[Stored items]
──────────────────────────────

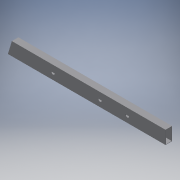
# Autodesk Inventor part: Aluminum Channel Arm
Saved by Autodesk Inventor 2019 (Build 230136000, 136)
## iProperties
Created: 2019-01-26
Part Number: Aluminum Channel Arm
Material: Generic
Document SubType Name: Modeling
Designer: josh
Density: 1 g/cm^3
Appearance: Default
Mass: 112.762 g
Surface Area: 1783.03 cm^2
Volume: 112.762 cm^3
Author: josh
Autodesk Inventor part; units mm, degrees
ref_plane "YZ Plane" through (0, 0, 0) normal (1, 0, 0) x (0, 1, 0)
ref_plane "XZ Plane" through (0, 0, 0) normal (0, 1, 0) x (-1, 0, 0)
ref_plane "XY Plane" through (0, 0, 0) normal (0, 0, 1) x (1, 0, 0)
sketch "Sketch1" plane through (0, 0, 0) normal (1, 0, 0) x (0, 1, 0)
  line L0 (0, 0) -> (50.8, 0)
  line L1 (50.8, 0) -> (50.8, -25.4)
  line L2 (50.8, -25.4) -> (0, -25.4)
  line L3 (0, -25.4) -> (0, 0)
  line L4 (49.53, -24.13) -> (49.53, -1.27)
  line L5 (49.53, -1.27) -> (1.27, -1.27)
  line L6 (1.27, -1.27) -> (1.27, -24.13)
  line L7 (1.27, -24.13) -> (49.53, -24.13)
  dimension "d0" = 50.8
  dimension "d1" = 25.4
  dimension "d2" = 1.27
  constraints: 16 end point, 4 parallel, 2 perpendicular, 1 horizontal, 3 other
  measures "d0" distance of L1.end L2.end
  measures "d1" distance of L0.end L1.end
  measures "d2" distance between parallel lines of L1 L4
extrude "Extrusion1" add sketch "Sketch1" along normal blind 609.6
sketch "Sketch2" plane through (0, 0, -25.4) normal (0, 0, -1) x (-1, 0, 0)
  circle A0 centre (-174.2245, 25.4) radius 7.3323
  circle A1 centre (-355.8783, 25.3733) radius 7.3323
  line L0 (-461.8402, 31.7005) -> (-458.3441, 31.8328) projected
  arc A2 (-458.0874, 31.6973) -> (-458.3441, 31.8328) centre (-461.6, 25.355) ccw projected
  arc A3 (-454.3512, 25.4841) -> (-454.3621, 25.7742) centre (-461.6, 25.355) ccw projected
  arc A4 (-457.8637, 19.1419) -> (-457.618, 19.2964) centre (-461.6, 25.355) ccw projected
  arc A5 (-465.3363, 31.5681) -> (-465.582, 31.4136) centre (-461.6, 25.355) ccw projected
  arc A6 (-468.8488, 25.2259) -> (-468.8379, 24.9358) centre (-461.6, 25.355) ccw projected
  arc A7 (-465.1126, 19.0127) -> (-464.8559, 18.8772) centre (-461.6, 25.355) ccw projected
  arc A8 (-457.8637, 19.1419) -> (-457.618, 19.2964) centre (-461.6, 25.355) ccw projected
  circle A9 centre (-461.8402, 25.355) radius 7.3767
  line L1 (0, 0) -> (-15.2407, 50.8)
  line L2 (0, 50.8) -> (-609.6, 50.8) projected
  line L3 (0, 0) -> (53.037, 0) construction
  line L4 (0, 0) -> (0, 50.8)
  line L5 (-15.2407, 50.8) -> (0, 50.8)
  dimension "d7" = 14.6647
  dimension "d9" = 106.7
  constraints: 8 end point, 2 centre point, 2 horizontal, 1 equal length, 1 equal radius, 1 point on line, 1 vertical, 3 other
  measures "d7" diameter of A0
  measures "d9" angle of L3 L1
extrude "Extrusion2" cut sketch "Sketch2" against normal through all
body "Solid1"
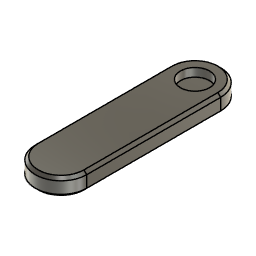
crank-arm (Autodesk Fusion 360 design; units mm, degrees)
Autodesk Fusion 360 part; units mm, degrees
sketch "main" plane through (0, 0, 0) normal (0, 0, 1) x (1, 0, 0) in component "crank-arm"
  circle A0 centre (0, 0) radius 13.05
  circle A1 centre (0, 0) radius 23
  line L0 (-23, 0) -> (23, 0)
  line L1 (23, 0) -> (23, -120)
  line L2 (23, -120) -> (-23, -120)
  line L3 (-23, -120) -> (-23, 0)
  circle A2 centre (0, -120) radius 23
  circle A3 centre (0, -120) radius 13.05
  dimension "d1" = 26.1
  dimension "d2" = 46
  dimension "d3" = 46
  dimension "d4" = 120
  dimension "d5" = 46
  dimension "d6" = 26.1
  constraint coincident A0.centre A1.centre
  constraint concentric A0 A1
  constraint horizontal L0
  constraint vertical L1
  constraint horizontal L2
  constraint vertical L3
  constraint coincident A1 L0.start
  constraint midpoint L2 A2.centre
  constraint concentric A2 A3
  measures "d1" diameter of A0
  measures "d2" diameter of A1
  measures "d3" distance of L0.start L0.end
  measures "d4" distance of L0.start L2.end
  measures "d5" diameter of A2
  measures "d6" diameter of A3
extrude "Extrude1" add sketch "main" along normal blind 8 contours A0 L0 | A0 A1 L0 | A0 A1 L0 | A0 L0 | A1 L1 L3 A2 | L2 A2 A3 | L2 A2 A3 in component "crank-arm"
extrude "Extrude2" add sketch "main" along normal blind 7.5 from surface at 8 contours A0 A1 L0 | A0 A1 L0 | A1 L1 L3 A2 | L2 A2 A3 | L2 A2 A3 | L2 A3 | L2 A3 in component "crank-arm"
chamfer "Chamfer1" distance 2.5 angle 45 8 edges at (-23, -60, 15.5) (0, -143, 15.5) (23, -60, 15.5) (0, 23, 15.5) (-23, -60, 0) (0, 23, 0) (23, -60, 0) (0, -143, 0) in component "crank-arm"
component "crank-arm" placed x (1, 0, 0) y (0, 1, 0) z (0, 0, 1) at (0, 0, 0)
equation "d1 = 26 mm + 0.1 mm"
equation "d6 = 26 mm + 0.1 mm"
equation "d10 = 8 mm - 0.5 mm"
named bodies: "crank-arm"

──────────────────────────────

Required action:
Output each entry shown above exactly as it stands, with all pictures removed.

Reply:
# Autodesk Inventor part: Aluminum Channel Arm
Saved by Autodesk Inventor 2019 (Build 230136000, 136)
## iProperties
Created: 2019-01-26
Part Number: Aluminum Channel Arm
Material: Generic
Document SubType Name: Modeling
Designer: josh
Density: 1 g/cm^3
Appearance: Default
Mass: 112.762 g
Surface Area: 1783.03 cm^2
Volume: 112.762 cm^3
Author: josh
Autodesk Inventor part; units mm, degrees
ref_plane "YZ Plane" through (0, 0, 0) normal (1, 0, 0) x (0, 1, 0)
ref_plane "XZ Plane" through (0, 0, 0) normal (0, 1, 0) x (-1, 0, 0)
ref_plane "XY Plane" through (0, 0, 0) normal (0, 0, 1) x (1, 0, 0)
sketch "Sketch1" plane through (0, 0, 0) normal (1, 0, 0) x (0, 1, 0)
  line L0 (0, 0) -> (50.8, 0)
  line L1 (50.8, 0) -> (50.8, -25.4)
  line L2 (50.8, -25.4) -> (0, -25.4)
  line L3 (0, -25.4) -> (0, 0)
  line L4 (49.53, -24.13) -> (49.53, -1.27)
  line L5 (49.53, -1.27) -> (1.27, -1.27)
  line L6 (1.27, -1.27) -> (1.27, -24.13)
  line L7 (1.27, -24.13) -> (49.53, -24.13)
  dimension "d0" = 50.8
  dimension "d1" = 25.4
  dimension "d2" = 1.27
  constraints: 16 end point, 4 parallel, 2 perpendicular, 1 horizontal, 3 other
  measures "d0" distance of L1.end L2.end
  measures "d1" distance of L0.end L1.end
  measures "d2" distance between parallel lines of L1 L4
extrude "Extrusion1" add sketch "Sketch1" along normal blind 609.6
sketch "Sketch2" plane through (0, 0, -25.4) normal (0, 0, -1) x (-1, 0, 0)
  circle A0 centre (-174.2245, 25.4) radius 7.3323
  circle A1 centre (-355.8783, 25.3733) radius 7.3323
  line L0 (-461.8402, 31.7005) -> (-458.3441, 31.8328) projected
  arc A2 (-458.0874, 31.6973) -> (-458.3441, 31.8328) centre (-461.6, 25.355) ccw projected
  arc A3 (-454.3512, 25.4841) -> (-454.3621, 25.7742) centre (-461.6, 25.355) ccw projected
  arc A4 (-457.8637, 19.1419) -> (-457.618, 19.2964) centre (-461.6, 25.355) ccw projected
  arc A5 (-465.3363, 31.5681) -> (-465.582, 31.4136) centre (-461.6, 25.355) ccw projected
  arc A6 (-468.8488, 25.2259) -> (-468.8379, 24.9358) centre (-461.6, 25.355) ccw projected
  arc A7 (-465.1126, 19.0127) -> (-464.8559, 18.8772) centre (-461.6, 25.355) ccw projected
  arc A8 (-457.8637, 19.1419) -> (-457.618, 19.2964) centre (-461.6, 25.355) ccw projected
  circle A9 centre (-461.8402, 25.355) radius 7.3767
  line L1 (0, 0) -> (-15.2407, 50.8)
  line L2 (0, 50.8) -> (-609.6, 50.8) projected
  line L3 (0, 0) -> (53.037, 0) construction
  line L4 (0, 0) -> (0, 50.8)
  line L5 (-15.2407, 50.8) -> (0, 50.8)
  dimension "d7" = 14.6647
  dimension "d9" = 106.7
  constraints: 8 end point, 2 centre point, 2 horizontal, 1 equal length, 1 equal radius, 1 point on line, 1 vertical, 3 other
  measures "d7" diameter of A0
  measures "d9" angle of L3 L1
extrude "Extrusion2" cut sketch "Sketch2" against normal through all
body "Solid1"
crank-arm (Autodesk Fusion 360 design; units mm, degrees)
Autodesk Fusion 360 part; units mm, degrees
sketch "main" plane through (0, 0, 0) normal (0, 0, 1) x (1, 0, 0) in component "crank-arm"
  circle A0 centre (0, 0) radius 13.05
  circle A1 centre (0, 0) radius 23
  line L0 (-23, 0) -> (23, 0)
  line L1 (23, 0) -> (23, -120)
  line L2 (23, -120) -> (-23, -120)
  line L3 (-23, -120) -> (-23, 0)
  circle A2 centre (0, -120) radius 23
  circle A3 centre (0, -120) radius 13.05
  dimension "d1" = 26.1
  dimension "d2" = 46
  dimension "d3" = 46
  dimension "d4" = 120
  dimension "d5" = 46
  dimension "d6" = 26.1
  constraint coincident A0.centre A1.centre
  constraint concentric A0 A1
  constraint horizontal L0
  constraint vertical L1
  constraint horizontal L2
  constraint vertical L3
  constraint coincident A1 L0.start
  constraint midpoint L2 A2.centre
  constraint concentric A2 A3
  measures "d1" diameter of A0
  measures "d2" diameter of A1
  measures "d3" distance of L0.start L0.end
  measures "d4" distance of L0.start L2.end
  measures "d5" diameter of A2
  measures "d6" diameter of A3
extrude "Extrude1" add sketch "main" along normal blind 8 contours A0 L0 | A0 A1 L0 | A0 A1 L0 | A0 L0 | A1 L1 L3 A2 | L2 A2 A3 | L2 A2 A3 in component "crank-arm"
extrude "Extrude2" add sketch "main" along normal blind 7.5 from surface at 8 contours A0 A1 L0 | A0 A1 L0 | A1 L1 L3 A2 | L2 A2 A3 | L2 A2 A3 | L2 A3 | L2 A3 in component "crank-arm"
chamfer "Chamfer1" distance 2.5 angle 45 8 edges at (-23, -60, 15.5) (0, -143, 15.5) (23, -60, 15.5) (0, 23, 15.5) (-23, -60, 0) (0, 23, 0) (23, -60, 0) (0, -143, 0) in component "crank-arm"
component "crank-arm" placed x (1, 0, 0) y (0, 1, 0) z (0, 0, 1) at (0, 0, 0)
equation "d1 = 26 mm + 0.1 mm"
equation "d6 = 26 mm + 0.1 mm"
equation "d10 = 8 mm - 0.5 mm"
named bodies: "crank-arm"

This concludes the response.